EMA: Aktualisierte Q&As zu Kombinationsprodukten

Die EMA hat ihre „Questions & Answers for applicants, marketing authorisation holders of medicinal products and notified bodies regarding medicines used in combination with medical devices and consultation for certain medical devices“ aktualisiert.

Das Q&A-Dokument bietet praxisnahe Hinweise zur Anwendung der Verordnungen über Medizinprodukte bzw. In-vitro-Diagnostika (MDR und IVDR) im Zusammenhang mit der Kombination von Arzneimitteln und Medizinprodukten.

Ein neues Kapitel 4 zum Lifecycle-Management wurde eingeführt. Es behandelt Änderungen nach der erstmaligen Zulassung (MA).

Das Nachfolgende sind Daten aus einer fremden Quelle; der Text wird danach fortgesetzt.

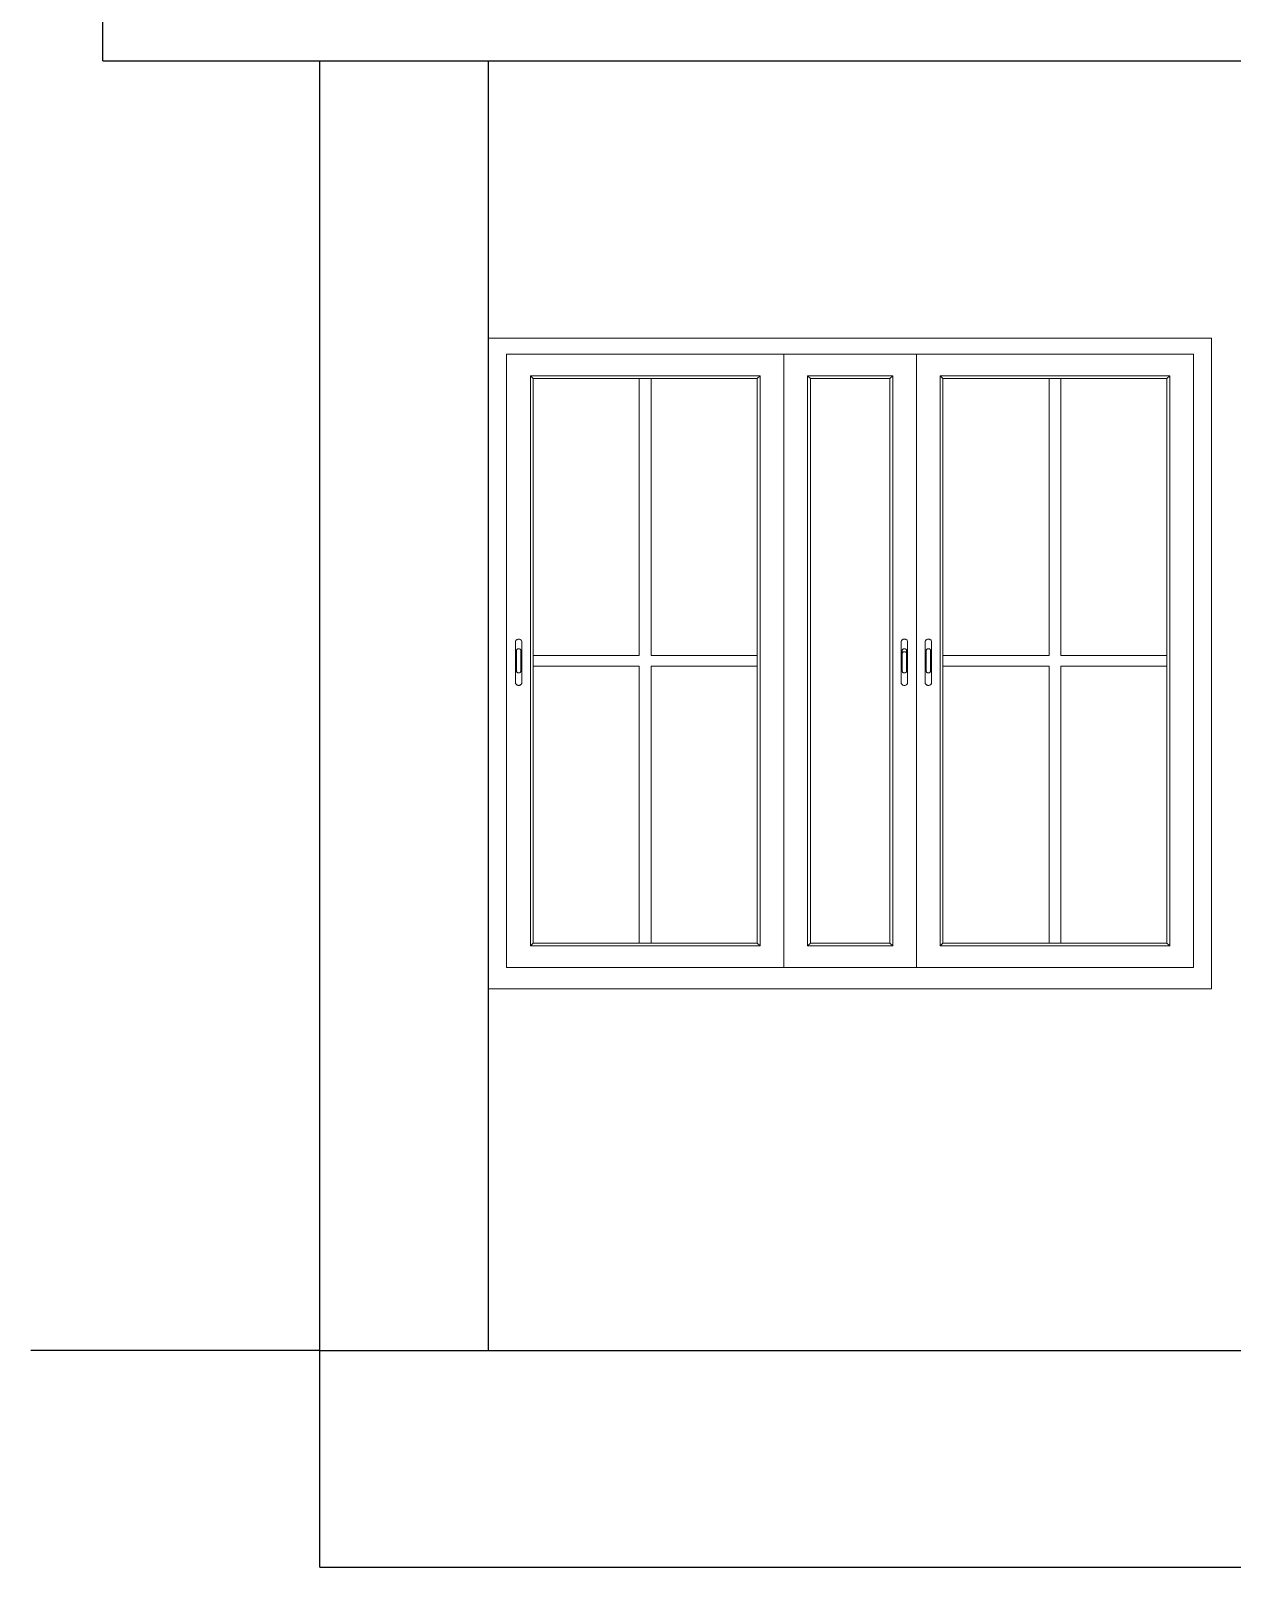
# Model space of a CAD drawing. Header units: inches. Extents: x -5058079 to -5054904, y -3262045 to -3259800.
# Drawn here: x -5056458.9 to -5056359.2, y -3261792.7 to -3261665.2 of the extents above; entities that cross this region are included whole.
import ezdxf

# ---------------------------------------------------------------- set-up
doc = ezdxf.new("R2010")
doc.units = ezdxf.units.IN
doc.header["$LTSCALE"] = 2
doc.header["$MEASUREMENT"] = 0
doc.layers.get('0').update_dxf_attribs({"linetype": 'CONTINUOUS'})
doc.layers.add('window', color=4, linetype='CONTINUOUS', lineweight=13)

msp = doc.modelspace()

# ---------------------------------------------------------------- linework, layer by layer
at = {"ltscale": 0.5}
for p, q in [((-5056452.91, -3261667.72), (-5056452.91, -3261662.72)), ((-5056452.91, -3261667.72), (-5056290.43, -3261667.72)), ((-5056434.91, -3261774.72), (-5056434.91, -3261667.72)), ((-5056420.91, -3261774.72), (-5056420.91, -3261667.72)), ((-5056434.91, -3261774.72), (-5056458.91, -3261774.72)), ((-5056434.91, -3261774.72), (-5056172.32, -3261774.72)), ((-5056434.91, -3261792.72), (-5056434.91, -3261774.72)), ((-5056434.91, -3261792.72), (-5056172.32, -3261792.72))]:
    msp.add_line(p, q, dxfattribs=at)
at = {"layer": 'window'}
for p, q in [((-5056420.91, -3261744.72), (-5056420.91, -3261690.72)), ((-5056360.91, -3261690.72), (-5056420.91, -3261690.72)), ((-5056360.91, -3261744.72), (-5056360.91, -3261690.72)), ((-5056419.41, -3261742.94), (-5056419.41, -3261692.05)), ((-5056362.41, -3261692.05), (-5056419.41, -3261692.05)), ((-5056396.41, -3261692.05), (-5056396.41, -3261742.94)), ((-5056385.41, -3261692.05), (-5056385.41, -3261742.94)), ((-5056362.41, -3261692.05), (-5056362.41, -3261742.94)), ((-5056417.44, -3261741.14), (-5056417.44, -3261693.85)), ((-5056417.44, -3261693.85), (-5056398.37, -3261693.85)), ((-5056417.2, -3261694.08), (-5056417.44, -3261693.85)), ((-5056417.2, -3261740.92), (-5056417.2, -3261694.08)), ((-5056398.62, -3261694.08), (-5056417.2, -3261694.08)), ((-5056408.4, -3261694.08), (-5056408.4, -3261717.05)), ((-5056407.42, -3261694.08), (-5056407.42, -3261717.05)), ((-5056398.62, -3261694.08), (-5056398.37, -3261693.85)), ((-5056398.62, -3261694.08), (-5056398.62, -3261740.92)), ((-5056398.37, -3261693.85), (-5056398.37, -3261741.14)), ((-5056387.37, -3261693.85), (-5056394.44, -3261693.85)), ((-5056394.44, -3261693.85), (-5056394.44, -3261741.14)), ((-5056394.2, -3261694.08), (-5056394.44, -3261693.85)), ((-5056394.2, -3261694.08), (-5056394.2, -3261740.92)), ((-5056394.2, -3261694.08), (-5056387.62, -3261694.08)), ((-5056387.62, -3261694.08), (-5056387.37, -3261693.85)), ((-5056387.62, -3261740.92), (-5056387.62, -3261694.08)), ((-5056387.37, -3261741.14), (-5056387.37, -3261693.85)), ((-5056383.44, -3261741.14), (-5056383.44, -3261693.85)), ((-5056383.44, -3261693.85), (-5056364.37, -3261693.85)), ((-5056383.2, -3261694.08), (-5056383.44, -3261693.85)), ((-5056383.2, -3261740.92), (-5056383.2, -3261694.08)), ((-5056364.62, -3261694.08), (-5056383.2, -3261694.08)), ((-5056374.4, -3261694.08), (-5056374.4, -3261717.05)), ((-5056373.42, -3261694.08), (-5056373.42, -3261717.05)), ((-5056364.62, -3261694.08), (-5056364.37, -3261693.85)), ((-5056364.62, -3261694.08), (-5056364.62, -3261740.92)), ((-5056364.37, -3261693.85), (-5056364.37, -3261741.14)), ((-5056418.68, -3261715.9), (-5056418.67, -3261715.86)), ((-5056418.68, -3261715.93), (-5056418.67, -3261715.86)), ((-5056418.68, -3261715.93), (-5056418.68, -3261715.9)), ((-5056418.68, -3261719.32), (-5056418.68, -3261715.93)), ((-5056418.67, -3261715.86), (-5056418.65, -3261715.83)), ((-5056418.65, -3261715.83), (-5056418.63, -3261715.8)), ((-5056418.6, -3261715.77), (-5056418.63, -3261715.8)), ((-5056418.57, -3261715.75), (-5056418.6, -3261715.77)), ((-5056418.57, -3261715.75), (-5056418.53, -3261715.73)), ((-5056418.49, -3261715.72), (-5056418.53, -3261715.73)), ((-5056418.45, -3261715.71), (-5056418.49, -3261715.72)), ((-5056418.41, -3261715.71), (-5056418.45, -3261715.71)), ((-5056418.37, -3261715.71), (-5056418.41, -3261715.71)), ((-5056418.37, -3261715.71), (-5056418.33, -3261715.72)), ((-5056418.33, -3261715.72), (-5056418.29, -3261715.73)), ((-5056418.29, -3261715.73), (-5056418.25, -3261715.75)), ((-5056418.25, -3261715.75), (-5056418.22, -3261715.77)), ((-5056418.22, -3261715.77), (-5056418.19, -3261715.8)), ((-5056418.17, -3261715.83), (-5056418.19, -3261715.8)), ((-5056418.15, -3261715.86), (-5056418.17, -3261715.83)), ((-5056418.14, -3261715.9), (-5056418.15, -3261715.86)), ((-5056418.14, -3261715.9), (-5056418.14, -3261715.93)), ((-5056418.14, -3261715.93), (-5056418.14, -3261719.32)), ((-5056386.66, -3261715.86), (-5056386.67, -3261715.9)), ((-5056386.67, -3261715.9), (-5056386.67, -3261715.93)), ((-5056386.67, -3261715.93), (-5056386.67, -3261719.32)), ((-5056386.64, -3261715.83), (-5056386.66, -3261715.86)), ((-5056386.62, -3261715.8), (-5056386.64, -3261715.83)), ((-5056386.59, -3261715.77), (-5056386.62, -3261715.8)), ((-5056386.56, -3261715.75), (-5056386.59, -3261715.77)), ((-5056386.52, -3261715.73), (-5056386.56, -3261715.75)), ((-5056386.49, -3261715.72), (-5056386.52, -3261715.73)), ((-5056386.44, -3261715.71), (-5056386.49, -3261715.72)), ((-5056386.4, -3261715.71), (-5056386.44, -3261715.71)), ((-5056386.36, -3261715.71), (-5056386.4, -3261715.71)), ((-5056386.32, -3261715.72), (-5056386.36, -3261715.71)), ((-5056386.28, -3261715.73), (-5056386.32, -3261715.72)), ((-5056386.24, -3261715.75), (-5056386.28, -3261715.73)), ((-5056386.21, -3261715.77), (-5056386.24, -3261715.75)), ((-5056386.18, -3261715.8), (-5056386.21, -3261715.77)), ((-5056386.16, -3261715.83), (-5056386.18, -3261715.8)), ((-5056386.15, -3261715.86), (-5056386.16, -3261715.83)), ((-5056386.14, -3261715.9), (-5056386.15, -3261715.86)), ((-5056386.13, -3261715.93), (-5056386.15, -3261715.86)), ((-5056386.13, -3261715.93), (-5056386.14, -3261715.9)), ((-5056386.13, -3261719.32), (-5056386.13, -3261715.93)), ((-5056384.68, -3261715.9), (-5056384.67, -3261715.86)), ((-5056384.68, -3261715.93), (-5056384.67, -3261715.86)), ((-5056384.68, -3261715.93), (-5056384.68, -3261715.9)), ((-5056384.68, -3261719.32), (-5056384.68, -3261715.93)), ((-5056384.67, -3261715.86), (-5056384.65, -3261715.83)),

Die allgemeinen Grundsätze für Änderungen am Medizinproduktbestandteil bei Kombinationsprodukten lauten:

  • Vereinbarungen zwischen dem Zulassungsinhaber (MAH) und dem Medizinproduktehersteller müssen eine wirksame Kommunikation und Steuerung von Änderungen am Medizinprodukt sicherstellen.
  • Der MAH muss bewerten, ob eine Änderung die Auslieferung, Qualität, Sicherheit oder Wirksamkeit des Arzneimittels beeinflussen kann.
  • Wenn die Änderung im Zulassungsdossier registrierte Informationen betrifft, ist eine Änderungsanzeige gemäß den EU-Variations-Guidelines einzureichen.
  • Auch wenn keine registrierten Informationen betroffen sind, ist eine Variation erforderlich, sofern die Änderung die Auslieferung, Qualität, Sicherheit oder Wirksamkeit der Arzneimittel-Medizinprodukt-Kombination beeinflusst.
  • Eine Variation ist nur dann nicht erforderlich, wenn die Änderung weder registrierte Informationen betrifft noch Auswirkungen auf Auslieferung, Qualität, Sicherheit oder Wirksamkeit hat und die entsprechenden Informationen nicht im Zulassungsdossier gefordert sind.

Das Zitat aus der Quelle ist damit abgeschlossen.